Mt. Steele stands on the watershed of the Yukon River and is characterized on the Yukon side by three ridges and two faces. From our advance Base Camp, which came to be known as Camp 6, two of these ridges were clearly visible, one the aforementioned ridge connecting Mt. Wood and Mt. Steele, and the other a long, broad ridge sweeping from below the summit southeastward towards Mt. Walsh (14,700 ft.). The third or east ridge descended from a plateau below the summit towards Camp 6 then bent sharply southeastward and became lost to view behind an intervening ridge. The northeast face, in full view of Camp 6, consisted of a long snow and ice slope descending from the plateau and was much broken up with séracs. Of the face enclosed between the east and southeast ridges we could see nothing.
Speculation was rife as to which of the various faces or ridges would provide a safe route to the summit. The northeast face was immediately discarded as too dangerous and the southeast ridge was also counted out as too circuitous, but possible, should the other ridges prove undesirable. This left the north and east ridges and the unseen southeast face. Of the two ridges, the east seemed to provide the most direct route if certain steep slopes and knife-edge ridges could be overcome, and it appeared also that it might be possible to establish a high camp on a shoulder about 4000 ft. below the summit.

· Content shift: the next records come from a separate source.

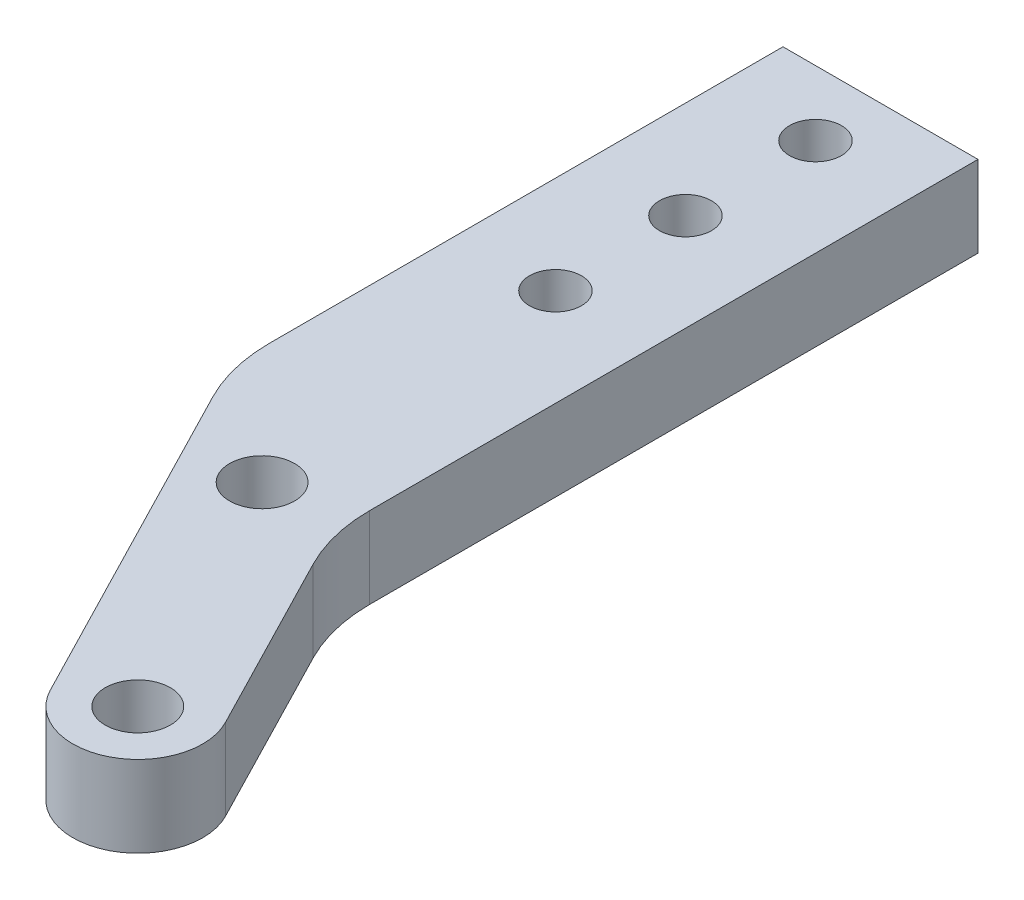
ISO-10303-21;
HEADER;
FILE_DESCRIPTION(('STEP AP214'),'2;1');
FILE_NAME('part.step','',(''),(''),'','','');
FILE_SCHEMA(('AUTOMOTIVE_DESIGN { 1 0 10303 214 1 1 1 1 }'));
ENDSEC;
DATA;
#1=APPLICATION_CONTEXT('core data for automotive mechanical design processes');
#2=APPLICATION_PROTOCOL_DEFINITION('international standard','automotive_design',2000,#1);
#3=PRODUCT_CONTEXT('',#1,'mechanical');
#4=PRODUCT('Part','Part','',(#3));
#5=PRODUCT_RELATED_PRODUCT_CATEGORY('part','',(#4));
#6=PRODUCT_DEFINITION_FORMATION('','',#4);
#7=PRODUCT_DEFINITION_CONTEXT('part definition',#1,'design');
#8=PRODUCT_DEFINITION('design','',#6,#7);
#9=PRODUCT_DEFINITION_SHAPE('','',#8);
#10=(LENGTH_UNIT() NAMED_UNIT(*) SI_UNIT(.MILLI.,.METRE.));
#11=(NAMED_UNIT(*) PLANE_ANGLE_UNIT() SI_UNIT($,.RADIAN.));
#12=(NAMED_UNIT(*) SI_UNIT($,.STERADIAN.) SOLID_ANGLE_UNIT());
#13=UNCERTAINTY_MEASURE_WITH_UNIT(LENGTH_MEASURE(1.E-05),#10,'distance_accuracy_value','');
#14=(GEOMETRIC_REPRESENTATION_CONTEXT(3) GLOBAL_UNCERTAINTY_ASSIGNED_CONTEXT((#13)) GLOBAL_UNIT_ASSIGNED_CONTEXT((#10,
#11,#12)) REPRESENTATION_CONTEXT('',''));
#15=CARTESIAN_POINT('',(0.,0.,0.));
#16=DIRECTION('',(0.,0.,1.));
#17=DIRECTION('',(1.,0.,0.));
#18=AXIS2_PLACEMENT_3D('',#15,#16,#17);
#19=CARTESIAN_POINT('',(4.00000000017351,5.,31.6132614791281));
#20=DIRECTION('',(0.,-1.,0.));
#21=DIRECTION('',(0.,0.,-1.));
#22=AXIS2_PLACEMENT_3D('',#19,#20,#21);
#23=CYLINDRICAL_SURFACE('',#22,10.0000000004375);
#24=CARTESIAN_POINT('',(4.00000000017351,0.,31.6132614791281));
#25=DIRECTION('',(0.,-1.,0.));
#26=DIRECTION('',(0.,0.,-1.));
#27=AXIS2_PLACEMENT_3D('',#24,#25,#26);
#28=CIRCLE('',#27,10.0000000004375);
#29=CARTESIAN_POINT('',(-4.88937213881033,0.,36.1935521886143));
#30=VERTEX_POINT('',#29);
#31=CARTESIAN_POINT('',(-6.00000000026409,0.,31.6132614791279));
#32=VERTEX_POINT('',#31);
#33=EDGE_CURVE('E131',#30,#32,#28,.T.);
#34=ORIENTED_EDGE('',*,*,#33,.F.);
#35=DIRECTION('',(0.,-1.,0.));
#36=VECTOR('',#35,1.);
#37=CARTESIAN_POINT('',(-4.88937213881033,5.,36.1935521886143));
#38=LINE('',#37,#36);
#39=CARTESIAN_POINT('',(-4.88937213881033,5.,36.1935521886143));
#40=VERTEX_POINT('',#39);
#41=EDGE_CURVE('E11',#40,#30,#38,.T.);
#42=ORIENTED_EDGE('',*,*,#41,.F.);
#43=CARTESIAN_POINT('',(4.00000000017351,5.,31.6132614791281));
#44=DIRECTION('',(0.,-1.,0.));
#45=DIRECTION('',(0.,0.,-1.));
#46=AXIS2_PLACEMENT_3D('',#43,#44,#45);
#47=CIRCLE('',#46,10.0000000004375);
#48=CARTESIAN_POINT('',(-6.00000000026409,5.,31.6132614791279));
#49=VERTEX_POINT('',#48);
#50=EDGE_CURVE('E152',#40,#49,#47,.T.);
#51=ORIENTED_EDGE('',*,*,#50,.T.);
#52=DIRECTION('',(0.,-1.,0.));
#53=VECTOR('',#52,1.);
#54=CARTESIAN_POINT('',(-6.00000000026409,5.,31.6132614791279));
#55=LINE('',#54,#53);
#56=EDGE_CURVE('E37',#49,#32,#55,.T.);
#57=ORIENTED_EDGE('',*,*,#56,.T.);
#58=EDGE_LOOP('',(#34,#42,#51,#57));
#59=FACE_BOUND('',#58,.T.);
#60=ADVANCED_FACE('F34',(#59),#23,.T.);
#61=CARTESIAN_POINT('',(5.74474486111336,5.,56.8321162836911));
#62=DIRECTION('',(-0.888937213859502,0.,0.458029070928589));
#63=DIRECTION('',(0.458029070928589,0.,0.888937213859502));
#64=AXIS2_PLACEMENT_3D('',#61,#62,#63);
#65=PLANE('',#64);
#66=DIRECTION('',(-0.458029070928589,0.,-0.888937213859502));
#67=VECTOR('',#66,1.);
#68=CARTESIAN_POINT('',(5.74474486111336,0.,56.8321162836911));
#69=LINE('',#68,#67);
#70=CARTESIAN_POINT('',(5.74474486111336,0.,56.8321162836911));
#71=VERTEX_POINT('',#70);
#72=EDGE_CURVE('E150',#71,#30,#69,.T.);
#73=ORIENTED_EDGE('',*,*,#72,.F.);
#74=DIRECTION('',(0.,-1.,0.));
#75=VECTOR('',#74,1.);
#76=CARTESIAN_POINT('',(5.74474486111336,5.,56.8321162836911));
#77=LINE('',#76,#75);
#78=CARTESIAN_POINT('',(5.74474486111336,5.,56.8321162836911));
#79=VERTEX_POINT('',#78);
#80=EDGE_CURVE('E43',#79,#71,#77,.T.);
#81=ORIENTED_EDGE('',*,*,#80,.F.);
#82=DIRECTION('',(-0.458029070928589,0.,-0.888937213859502));
#83=VECTOR('',#82,1.);
#84=CARTESIAN_POINT('',(5.74474486111336,5.,56.8321162836911));
#85=LINE('',#84,#83);
#86=EDGE_CURVE('E121',#79,#40,#85,.T.);
#87=ORIENTED_EDGE('',*,*,#86,.T.);
#88=ORIENTED_EDGE('',*,*,#41,.T.);
#89=EDGE_LOOP('',(#73,#81,#87,#88));
#90=FACE_BOUND('',#89,.T.);
#91=ADVANCED_FACE('F164',(#90),#65,.T.);
#92=CARTESIAN_POINT('',(9.30049371665921,5.,54.9999999999211));
#93=DIRECTION('',(0.,-1.,0.));
#94=DIRECTION('',(0.,0.,-1.));
#95=AXIS2_PLACEMENT_3D('',#92,#93,#94);
#96=CYLINDRICAL_SURFACE('',#95,4.00000000012132);
#97=CARTESIAN_POINT('',(9.30049371665921,0.,54.9999999999211));
#98=DIRECTION('',(0.,-1.,0.));
#99=DIRECTION('',(0.,0.,-1.));
#100=AXIS2_PLACEMENT_3D('',#97,#98,#99);
#101=CIRCLE('',#100,4.00000000012132);
#102=CARTESIAN_POINT('',(12.8562425722051,0.,53.1678837161512));
#103=VERTEX_POINT('',#102);
#104=EDGE_CURVE('E108',#103,#71,#101,.T.);
#105=ORIENTED_EDGE('',*,*,#104,.F.);
#106=DIRECTION('',(0.,-1.,0.));
#107=VECTOR('',#106,1.);
#108=CARTESIAN_POINT('',(12.8562425722051,5.,53.1678837161512));
#109=LINE('',#108,#107);
#110=CARTESIAN_POINT('',(12.8562425722051,5.,53.1678837161512));
#111=VERTEX_POINT('',#110);
#112=EDGE_CURVE('E103',#111,#103,#109,.T.);
#113=ORIENTED_EDGE('',*,*,#112,.F.);
#114=CARTESIAN_POINT('',(9.30049371665921,5.,54.9999999999211));
#115=DIRECTION('',(0.,-1.,0.));
#116=DIRECTION('',(0.,0.,-1.));
#117=AXIS2_PLACEMENT_3D('',#114,#115,#116);
#118=CIRCLE('',#117,4.00000000012132);
#119=EDGE_CURVE('E106',#111,#79,#118,.T.);
#120=ORIENTED_EDGE('',*,*,#119,.T.);
#121=ORIENTED_EDGE('',*,*,#80,.T.);
#122=EDGE_LOOP('',(#105,#113,#120,#121));
#123=FACE_BOUND('',#122,.T.);
#124=ADVANCED_FACE('F105',(#123),#96,.T.);
#125=CARTESIAN_POINT('',(7.11062786169108,5.,42.0168650213776));
#126=DIRECTION('',(0.888937213859502,0.,-0.458029070928589));
#127=DIRECTION('',(-0.458029070928589,0.,-0.888937213859502));
#128=AXIS2_PLACEMENT_3D('',#125,#126,#127);
#129=PLANE('',#128);
#130=DIRECTION('',(0.458029070928589,0.,0.888937213859502));
#131=VECTOR('',#130,1.);
#132=CARTESIAN_POINT('',(7.11062786169108,0.,42.0168650213776));
#133=LINE('',#132,#131);
#134=CARTESIAN_POINT('',(7.110627861691,0.,42.0168650213777));
#135=VERTEX_POINT('',#134);
#136=EDGE_CURVE('E147',#135,#103,#133,.T.);
#137=ORIENTED_EDGE('',*,*,#136,.F.);
#138=DIRECTION('',(0.,-1.,0.));
#139=VECTOR('',#138,1.);
#140=CARTESIAN_POINT('',(7.110627861691,5.,42.0168650213777));
#141=LINE('',#140,#139);
#142=CARTESIAN_POINT('',(7.110627861691,5.,42.0168650213777));
#143=VERTEX_POINT('',#142);
#144=EDGE_CURVE('E113',#143,#135,#141,.T.);
#145=ORIENTED_EDGE('',*,*,#144,.F.);
#146=DIRECTION('',(0.458029070928589,0.,0.888937213859502));
#147=VECTOR('',#146,1.);
#148=CARTESIAN_POINT('',(7.11062786169108,5.,42.0168650213776));
#149=LINE('',#148,#147);
#150=EDGE_CURVE('E119',#143,#111,#149,.T.);
#151=ORIENTED_EDGE('',*,*,#150,.T.);
#152=ORIENTED_EDGE('',*,*,#112,.T.);
#153=EDGE_LOOP('',(#137,#145,#151,#152));
#154=FACE_BOUND('',#153,.T.);
#155=ADVANCED_FACE('F123',(#154),#129,.T.);
#156=CARTESIAN_POINT('',(16.0000000004639,5.,37.4365743120001));
#157=DIRECTION('',(0.,-1.,0.));
#158=DIRECTION('',(0.,0.,-1.));
#159=AXIS2_PLACEMENT_3D('',#156,#157,#158);
#160=CYLINDRICAL_SURFACE('',#159,10.0000000002001);
#161=CARTESIAN_POINT('',(16.0000000004639,0.,37.4365743120001));
#162=DIRECTION('',(0.,1.,0.));
#163=DIRECTION('',(0.,0.,1.));
#164=AXIS2_PLACEMENT_3D('',#161,#162,#163);
#165=CIRCLE('',#164,10.0000000002001);
#166=CARTESIAN_POINT('',(6.0000000002637,0.,37.436574312));
#167=VERTEX_POINT('',#166);
#168=EDGE_CURVE('E144',#167,#135,#165,.T.);
#169=ORIENTED_EDGE('',*,*,#168,.F.);
#170=DIRECTION('',(0.,-1.,0.));
#171=VECTOR('',#170,1.);
#172=CARTESIAN_POINT('',(6.0000000002637,5.,37.436574312));
#173=LINE('',#172,#171);
#174=CARTESIAN_POINT('',(6.0000000002637,5.,37.436574312));
#175=VERTEX_POINT('',#174);
#176=EDGE_CURVE('E156',#175,#167,#173,.T.);
#177=ORIENTED_EDGE('',*,*,#176,.F.);
#178=CARTESIAN_POINT('',(16.0000000004639,5.,37.4365743120001));
#179=DIRECTION('',(0.,1.,0.));
#180=DIRECTION('',(0.,0.,1.));
#181=AXIS2_PLACEMENT_3D('',#178,#179,#180);
#182=CIRCLE('',#181,10.0000000002001);
#183=EDGE_CURVE('E124',#175,#143,#182,.T.);
#184=ORIENTED_EDGE('',*,*,#183,.T.);
#185=ORIENTED_EDGE('',*,*,#144,.T.);
#186=EDGE_LOOP('',(#169,#177,#184,#185));
#187=FACE_BOUND('',#186,.T.);
#188=ADVANCED_FACE('F177',(#187),#160,.F.);
#189=CARTESIAN_POINT('',(6.00000000026389,5.,0.));
#190=DIRECTION('',(1.,0.,0.));
#191=DIRECTION('',(0.,0.,-1.));
#192=AXIS2_PLACEMENT_3D('',#189,#190,#191);
#193=PLANE('',#192);
#194=DIRECTION('',(0.,0.,1.));
#195=VECTOR('',#194,1.);
#196=CARTESIAN_POINT('',(6.00000000026389,0.,0.));
#197=LINE('',#196,#195);
#198=CARTESIAN_POINT('',(6.00000000026389,0.,0.));
#199=VERTEX_POINT('',#198);
#200=EDGE_CURVE('E141',#199,#167,#197,.T.);
#201=ORIENTED_EDGE('',*,*,#200,.F.);
#202=DIRECTION('',(0.,-1.,0.));
#203=VECTOR('',#202,1.);
#204=CARTESIAN_POINT('',(6.00000000026389,5.,0.));
#205=LINE('',#204,#203);
#206=CARTESIAN_POINT('',(6.00000000026389,5.,0.));
#207=VERTEX_POINT('',#206);
#208=EDGE_CURVE('E158',#207,#199,#205,.T.);
#209=ORIENTED_EDGE('',*,*,#208,.F.);
#210=DIRECTION('',(0.,0.,1.));
#211=VECTOR('',#210,1.);
#212=CARTESIAN_POINT('',(6.00000000026389,5.,0.));
#213=LINE('',#212,#211);
#214=EDGE_CURVE('E126',#207,#175,#213,.T.);
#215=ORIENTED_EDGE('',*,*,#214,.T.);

Before any definite climbing plans could be made, however, it was necessary to approach the peak and study it more closely. Accordingly, during the week following the pitching of Camp 6, supplies were pushed forward to Camp 7 on the right bank of the main glacier. Unseasonable weather which, we found out later, was prevalent all along the Coast Range during last summer, prevented occupation of Camp 7 since the food supplies cached there were intended for a camp on Mt. Steele. Finally, on July 25th, after a night at Camp 7, Hans and I pushed on up the glacier which at this stage was beginning to resemble what the word signifies. Mt. Steele was obscured behind the ridge mentioned previously as obstructing the view of the lower slopes from Camp 6, but the glacier could be seen to sweep around the end of it and on reaching the bend we were rewarded with a view of our peak rising over 9000 ft. above the glaciers at its base. It was immediately obvious that the east ridge was worth an attempt. In fact, from this angle it appeared to be the only possible means of safe approach. We continued on and six hours after leaving Camp 7, arrived at the lowest point of the east ridge and selected a sheltered site for Camp 8 on the moraine of a tributary glacier draining from Steele’s northeast face. After pitching a tent and stowing away other paraphernalia, we retreated back to Camp 7 where we were joined by Hazard, Fobes, and H. Wood who had come up from Camp 6 the same day with additional equipment.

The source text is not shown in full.